> [To do]:
Beginning at the line that contains "# Autodesk Inventor assembly: playwood", reproduce the entries below exactly, ending with the line that contains "- C:\Users\Nathan\Desktop\Senior Project\Schematics\playwood.iam". Omit each picture.

Stored items
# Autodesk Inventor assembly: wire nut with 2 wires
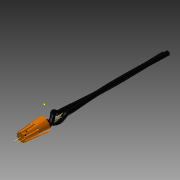
[picture p0: Inventor's stored thumbnail of the model, 180x180]
Saved by Autodesk Inventor 2014 (Build 180170000, 170)
## iProperties
Created: 2013-07-21
Part Number: wire nut with 2 wires
Document SubType Name: Assembly
Designer: Saville
Mass: 4.04289 g
Surface Area: 50.73 cm^2
Volume: 4.04289 cm^3
Density: 1 g/cm^3
Author: Saville
## Documents named in this file (3)
- C:\electrical nuts\terminal\wire nut with 2 wires.iam
- C:\electrical nuts\#18 orange.ipt
- C:\electrical nuts\terminal\Part4.ipt
## Components (2 placed, 2 different names)
1. #18 orange:1 — Flush:1, Flush:2, Mate:1, Flush:3
2. Part4:1 — Flush:1, Flush:2, Mate:1, Flush:3
## Relationships (4: Flush 3, Mate 1)
- Flush:1: #18 orange:1 ↔ Part4:1
- Flush:2 (36.5252 mm): #18 orange:1 ↔ Part4:1
- Mate:1: #18 orange:1 ↔ Part4:1
- Flush:3: #18 orange:1 ↔ Part4:1
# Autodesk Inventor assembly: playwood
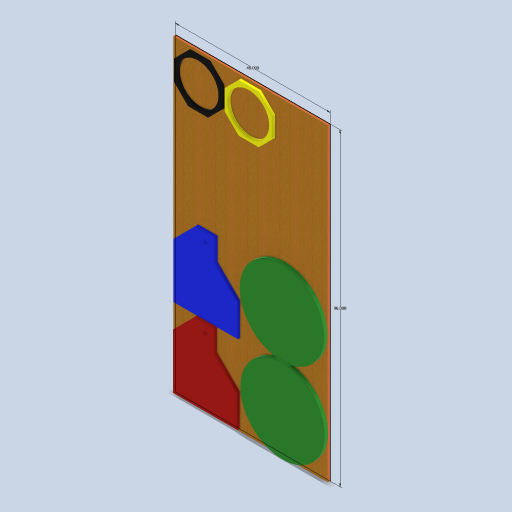
[picture p0: Inventor's stored thumbnail of the model, 512x512]
Saved by Autodesk Inventor 2023 (Build 270158000, 158)
## iProperties
Created: 2022-10-13
Part Number: playwood
Document SubType Name: Assembly
Designer: Nathan
Author: Nathan
## Documents named in this file (5)
- C:\Users\Nathan\Desktop\Senior Project\Schematics\playwood.iam
- C:\Users\Nathan\Desktop\Senior Project\Schematics\4x8plywood.ipt
- C:\Users\Nathan\Desktop\Senior Project\Schematics\base side.ipt
- C:\Users\Nathan\Desktop\Senior Project\Schematics\Bracket.ipt
- C:\Users\Nathan\Desktop\Senior Project\Schematics\base turntable.ipt
## Components (7 placed, 4 different names)
1. 4x8plywood:1 — Mate:1, Mate:2, Mate:3, Mate:4, Mate:5, Mate:6
2. base side:1 — Mate:6
3. base side:2 — Mate:5
4. Bracket:1 — Mate:1
5. Bracket:2 — Mate:2
6. base turntable:1 — Mate:4
7. base turntable:2 — Mate:3
## Relationships (6: Mate 6)
- Mate:1: 4x8plywood:1 ↔ Bracket:1
- Mate:2: 4x8plywood:1 ↔ Bracket:2
- Mate:3: 4x8plywood:1 ↔ base turntable:2
- Mate:4: 4x8plywood:1 ↔ base turntable:1
- Mate:5: 4x8plywood:1 ↔ base side:2
- Mate:6: 4x8plywood:1 ↔ base side:1
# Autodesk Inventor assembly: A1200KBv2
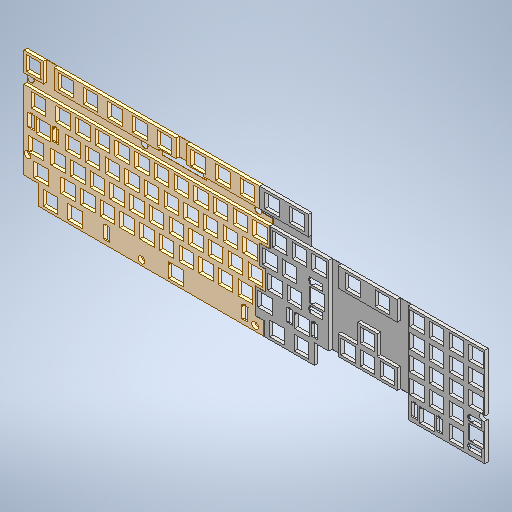
[picture p0: Inventor's stored thumbnail of the model, 512x512]
Saved by Autodesk Inventor 2025 (Build 290162000, 162)
## iProperties
Created: 2024-07-10
Part Number: A1200KBv2
Document SubType Name: Assembly
Designer: adam
Author: adam
## Documents named in this file (4)
- C:\Users\adam\Projects\A1200KBv2\3dprint\Keyboard plates\A1200KBv2.iam
- C:\Users\adam\Projects\A1200KBv2\3dprint\Keyboard plates\PCB.ipt
- C:\Users\adam\Projects\A1200KBv2\3dprint\Keyboard plates\Left Plate.ipt
- C:\Users\adam\Projects\A1200KBv2\3dprint\Keyboard plates\Right Plate.ipt
## Components (3 placed, 3 different names)
1. PCB:1 — Flush:1, Flush:2
2. Left Plate:1 — Flush:1
3. Right Plate:1 — Flush:2
## Relationships (2: Flush 2)
- Flush:1: PCB:1 ↔ Left Plate:1
- Flush:2: PCB:1 ↔ Right Plate:1
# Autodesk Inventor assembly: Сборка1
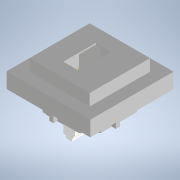
[picture p0: Inventor's stored thumbnail of the model, 180x180]
Saved by Autodesk Inventor 2021.2 (Build 252289000, 289)
## iProperties
Created: 2021-11-01
Part Number: Сборка1
Document SubType Name: Assembly
Designer: Kolan
Author: Kolan
## Documents named in this file (6)
- C:\_MCU\_Projects\SmartThings\SmartHeat\Inventor\Сборка1.iam
- C:\_MCU\_Projects\SmartThings\SmartHeat\Inventor\Плата печатная2.ipt
- C:\_MCU\_Projects\SmartThings\SmartHeat\Inventor\Низ.ipt
- C:\_MCU\_Projects\SmartThings\SmartHeat\Inventor\Середина.ipt
- C:\_MCU\_Projects\SmartThings\SmartHeat\Inventor\Середина 2.ipt
- C:\_MCU\_Projects\SmartThings\SmartHeat\Inventor\Верх.ipt
## Components (5 placed, 5 different names)
1. Плата печатная2:1 — Заподлицо:1
2. Низ:1 — Заподлицо:2, Заподлицо:3
3. Середина:1 — Заподлицо:3, Заподлицо:4
4. Середина 2:1 — Заподлицо:4, Заподлицо:5
5. Верх:1 — Заподлицо:5
## Relationships (5: Flush 5)
- Заподлицо:1 [Flush] (2 mm): Плата печатная2:1
- Заподлицо:2 [Flush]: Низ:1
- Заподлицо:3 [Flush]: Низ:1 ↔ Середина:1
- Заподлицо:4 [Flush]: Середина:1 ↔ Середина 2:1
- Заподлицо:5 [Flush]: Середина 2:1 ↔ Верх:1

> [Solution below]:
# Autodesk Inventor assembly: playwood
[picture p0: Inventor's stored thumbnail of the model, 512x512]
Saved by Autodesk Inventor 2023 (Build 270158000, 158)
## iProperties
Created: 2022-10-13
Part Number: playwood
Document SubType Name: Assembly
Designer: Nathan
Author: Nathan
## Documents named in this file (5)
- C:\Users\Nathan\Desktop\Senior Project\Schematics\playwood.iam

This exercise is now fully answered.